-- Work required --
Apart from the pictures, which must be omitted, restate the data exactly.

/---

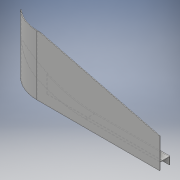
# Autodesk Inventor part: endplate_ver2
Saved by Autodesk Inventor 2018 (Build 220112000, 112)
## iProperties
Created: 2018-05-11
Part Number: endplate_ver2
Material: 一般
Document SubType Name: Modeling
Designer: ku_sk
Density: 1 g/cm^3
Appearance: 既定
Author: ku_sk
Autodesk Inventor part; units mm, degrees
ref_plane "YZ Plane" through (0, 0, 0) normal (1, 0, 0) x (0, 1, 0)
ref_plane "XZ Plane" through (0, 0, 0) normal (0, 1, 0) x (-1, 0, 0)
ref_plane "XY Plane" through (0, 0, 0) normal (0, 0, 1) x (1, 0, 0)
sketch "スケッチ1" plane through (0, 0, 0) normal (0, 1, 0) x (-1, 0, 0)
  line L0 (250, 100) -> (-250, 100)
  line L1 (-250, 100) -> (-250, -100)
  line L2 (-250, -100) -> (250, -100)
  line L3 (250, -100) -> (250, 100)
  point P0 (0, 0)
  dimension "d2" = 250
  dimension "d3" = 500
  dimension "d4" = 100
  dimension "d5" = 200
  constraints: 8 end point, 2 parallel, 1 horizontal, 1 perpendicular
  measures "d2" distance from line of point (0, 0) L3
  measures "d3" distance of L0.start L0.end
  measures "d4" distance from line of point (0, 0) L0
  measures "d5" distance of L2.end L0.start
extrude "押し出し1" add sketch "スケッチ1" along normal blind 35
sketch "スケッチ2" plane through (-250, 0, 100) normal (0, 0, 1) x (1, 0, 0)
  line L0 (0, 35) -> (500, 35) projected
  line L1 (0, 0) -> (500, 0) projected
  arc A0 (0, 35) -> (90, 0) centre (90, 133.2143) ccw
  line L2 (0, 0) -> (0, 35) projected
  point P0 (250, 0)
  dimension "d8" = 90
  constraints: 2 point on circle, 1 centre point, 1 point on line, 1 tangent
  measures "d8" distance from line of L2 A0.end
extrude "押し出し2" cut sketch "スケッチ2" against normal through all
sketch "スケッチ5" plane through (-160, 0, 100) normal (0, 0, 1) x (1, 0, 0)
  arc A0 (-90, 35) -> (0, 0) centre (0, 133.2143) ccw projected
  line L0 (0, 0) -> (410, 0) projected
  arc A1 (-87.0123, 35) -> (0, 2) centre (0, 133.2143) ccw
  line L1 (0, 2) -> (54.4195, 2)
  line L2 (54.4195, 2) -> (410, 2)
  line L3 (-90, 35) -> (410, 35) projected
  line L4 (410, 0) -> (410, 35) projected
  point P0 (160, 0)
  point P1 (40, 35)
  dimension "d20" = 2
  constraints: 4 end point, 2 point on circle, 1 centre point, 1 collinear, 1 point on line, 1 other
  measures "d20" radial gap between concentric circles of A0 A1
extrude "押し出し5" cut sketch "スケッチ5" against normal through all contours L3 L4 L2 L1 A1
sketch "スケッチ8" plane through (-160, 2, 100) normal (0, 1, 0) x (1, 0, 0)
  line L0 (410, 175) -> (160, 175)
  line L1 (410, 200) -> (410, 0) projected
  line L2 (0, 200) -> (410, 200) projected
  arc A0 (160, 175) -> (-90, 80) centre (160, -201.4474) ccw
  line L3 (-90, 200) -> (-90, 0) projected
  line L4 (-87.0123, 200) -> (0, 200) projected
  line L5 (-87.0123, 200) -> (-90, 200) projected
  line L6 (410, 177) -> (160, 177)
  arc A1 (160, 177) -> (-90, 82.6695) centre (160, -201.4474) ccw
  line L7 (410, 175) -> (410, 177)
  line L8 (410, 0) -> (410, 200) projected
  line L9 (-90, 82.6695) -> (-90, 80)
  point P0 (160, 100)
  dimension "d35" = 25
  dimension "d36" = 120
  dimension "d37" = 250
  dimension "d38" = 2
  constraints: 8 end point, 4 point on circle, 3 point on line, 2 centre point, 1 collinear, 1 horizontal, 1 parallel, 1 tangent, 1 other
  measures "d35" distance between parallel lines of L2 L0
  measures "d36" distance from line of L9.end L2
  measures "d37" distance of L0.start L0.end
  measures "d38" distance between parallel lines of L0 L6
extrude "押し出し7" add sketch "スケッチ8" along normal up to surface (33 mm away) contours L0 A0 L3 A1 L6 L1
delete faces "面を削除1" heal yes whole lump no faces at (-239.2435, 9.8792, 10.8013) (-250, 13, 18.2203) (-242.947, 2, 13.2909) (-239.2361, 9.8796, 8.2094)
sketch "スケッチ9" plane through (0, 35, -75) normal (0, 1, 0) x (1, 0, 0)
  line L0 (250, 25) -> (250, 2) projected
  line L1 (0, 2) -> (250, 2) projected
  line L2 (250, 25) -> (250, 2) projected
  line L3 (-160, 25) -> (250, 25) projected
  line L4 (-160, -33.4861) -> (-160, 25) projected
  arc A0 (0, 2) -> (-160, -33.4861) centre (0, -376.4474) ccw projected
  point P0 (0, -75)
extrude "押し出し8" add sketch "スケッチ9" against normal blind 2
sketch "スケッチ10" plane through (-160, 2, 100) normal (0, 1, 0) x (1, 0, 0)
  line L0 (410, 175) -> (410, 0) projected
  line L1 (410, 0) -> (0, 0) projected
  line L2 (410, 0) -> (410, 200) projected
  line L3 (410, 100) -> (10, 0)
  line L4 (0, 0) -> (410, 0) projected
  point P0 (160, 100)
  dimension "d43" = 400
  dimension "d44" = 100
  constraints: 3 point on line, 2 end point, 1 midpoint
  measures "d43" distance from line of L0 L3.end
  measures "d44" distance from line of L3.start L1
extrude "押し出し9" cut sketch "スケッチ10" against normal through all

\---

-- Exercise result --
# Autodesk Inventor part: endplate_ver2
Saved by Autodesk Inventor 2018 (Build 220112000, 112)
## iProperties
Created: 2018-05-11
Part Number: endplate_ver2
Material: 一般
Document SubType Name: Modeling
Designer: ku_sk
Density: 1 g/cm^3
Appearance: 既定
Author: ku_sk
Autodesk Inventor part; units mm, degrees
ref_plane "YZ Plane" through (0, 0, 0) normal (1, 0, 0) x (0, 1, 0)
ref_plane "XZ Plane" through (0, 0, 0) normal (0, 1, 0) x (-1, 0, 0)
ref_plane "XY Plane" through (0, 0, 0) normal (0, 0, 1) x (1, 0, 0)
sketch "スケッチ1" plane through (0, 0, 0) normal (0, 1, 0) x (-1, 0, 0)
  line L0 (250, 100) -> (-250, 100)
  line L1 (-250, 100) -> (-250, -100)
  line L2 (-250, -100) -> (250, -100)
  line L3 (250, -100) -> (250, 100)
  point P0 (0, 0)
  dimension "d2" = 250
  dimension "d3" = 500
  dimension "d4" = 100
  dimension "d5" = 200
  constraints: 8 end point, 2 parallel, 1 horizontal, 1 perpendicular
  measures "d2" distance from line of point (0, 0) L3
  measures "d3" distance of L0.start L0.end
  measures "d4" distance from line of point (0, 0) L0
  measures "d5" distance of L2.end L0.start
extrude "押し出し1" add sketch "スケッチ1" along normal blind 35
sketch "スケッチ2" plane through (-250, 0, 100) normal (0, 0, 1) x (1, 0, 0)
  line L0 (0, 35) -> (500, 35) projected
  line L1 (0, 0) -> (500, 0) projected
  arc A0 (0, 35) -> (90, 0) centre (90, 133.2143) ccw
  line L2 (0, 0) -> (0, 35) projected
  point P0 (250, 0)
  dimension "d8" = 90
  constraints: 2 point on circle, 1 centre point, 1 point on line, 1 tangent
  measures "d8" distance from line of L2 A0.end
extrude "押し出し2" cut sketch "スケッチ2" against normal through all
sketch "スケッチ5" plane through (-160, 0, 100) normal (0, 0, 1) x (1, 0, 0)
  arc A0 (-90, 35) -> (0, 0) centre (0, 133.2143) ccw projected
  line L0 (0, 0) -> (410, 0) projected
  arc A1 (-87.0123, 35) -> (0, 2) centre (0, 133.2143) ccw
  line L1 (0, 2) -> (54.4195, 2)
  line L2 (54.4195, 2) -> (410, 2)
  line L3 (-90, 35) -> (410, 35) projected
  line L4 (410, 0) -> (410, 35) projected
  point P0 (160, 0)
  point P1 (40, 35)
  dimension "d20" = 2
  constraints: 4 end point, 2 point on circle, 1 centre point, 1 collinear, 1 point on line, 1 other
  measures "d20" radial gap between concentric circles of A0 A1
extrude "押し出し5" cut sketch "スケッチ5" against normal through all contours L3 L4 L2 L1 A1
sketch "スケッチ8" plane through (-160, 2, 100) normal (0, 1, 0) x (1, 0, 0)
  line L0 (410, 175) -> (160, 175)
  line L1 (410, 200) -> (410, 0) projected
  line L2 (0, 200) -> (410, 200) projected
  arc A0 (160, 175) -> (-90, 80) centre (160, -201.4474) ccw
  line L3 (-90, 200) -> (-90, 0) projected
  line L4 (-87.0123, 200) -> (0, 200) projected
  line L5 (-87.0123, 200) -> (-90, 200) projected
  line L6 (410, 177) -> (160, 177)
  arc A1 (160, 177) -> (-90, 82.6695) centre (160, -201.4474) ccw
  line L7 (410, 175) -> (410, 177)
  line L8 (410, 0) -> (410, 200) projected
  line L9 (-90, 82.6695) -> (-90, 80)
  point P0 (160, 100)
  dimension "d35" = 25
  dimension "d36" = 120
  dimension "d37" = 250
  dimension "d38" = 2
  constraints: 8 end point, 4 point on circle, 3 point on line, 2 centre point, 1 collinear, 1 horizontal, 1 parallel, 1 tangent, 1 other
  measures "d35" distance between parallel lines of L2 L0
  measures "d36" distance from line of L9.end L2
  measures "d37" distance of L0.start L0.end
  measures "d38" distance between parallel lines of L0 L6
extrude "押し出し7" add sketch "スケッチ8" along normal up to surface (33 mm away) contours L0 A0 L3 A1 L6 L1
delete faces "面を削除1" heal yes whole lump no faces at (-239.2435, 9.8792, 10.8013) (-250, 13, 18.2203) (-242.947, 2, 13.2909) (-239.2361, 9.8796, 8.2094)
sketch "スケッチ9" plane through (0, 35, -75) normal (0, 1, 0) x (1, 0, 0)
  line L0 (250, 25) -> (250, 2) projected
  line L1 (0, 2) -> (250, 2) projected
  line L2 (250, 25) -> (250, 2) projected
  line L3 (-160, 25) -> (250, 25) projected
  line L4 (-160, -33.4861) -> (-160, 25) projected
  arc A0 (0, 2) -> (-160, -33.4861) centre (0, -376.4474) ccw projected
  point P0 (0, -75)
extrude "押し出し8" add sketch "スケッチ9" against normal blind 2
sketch "スケッチ10" plane through (-160, 2, 100) normal (0, 1, 0) x (1, 0, 0)
  line L0 (410, 175) -> (410, 0) projected
  line L1 (410, 0) -> (0, 0) projected
  line L2 (410, 0) -> (410, 200) projected
  line L3 (410, 100) -> (10, 0)
  line L4 (0, 0) -> (410, 0) projected
  point P0 (160, 100)
  dimension "d43" = 400
  dimension "d44" = 100
  constraints: 3 point on line, 2 end point, 1 midpoint
  measures "d43" distance from line of L0 L3.end
  measures "d44" distance from line of L3.start L1
extrude "押し出し9" cut sketch "スケッチ10" against normal through all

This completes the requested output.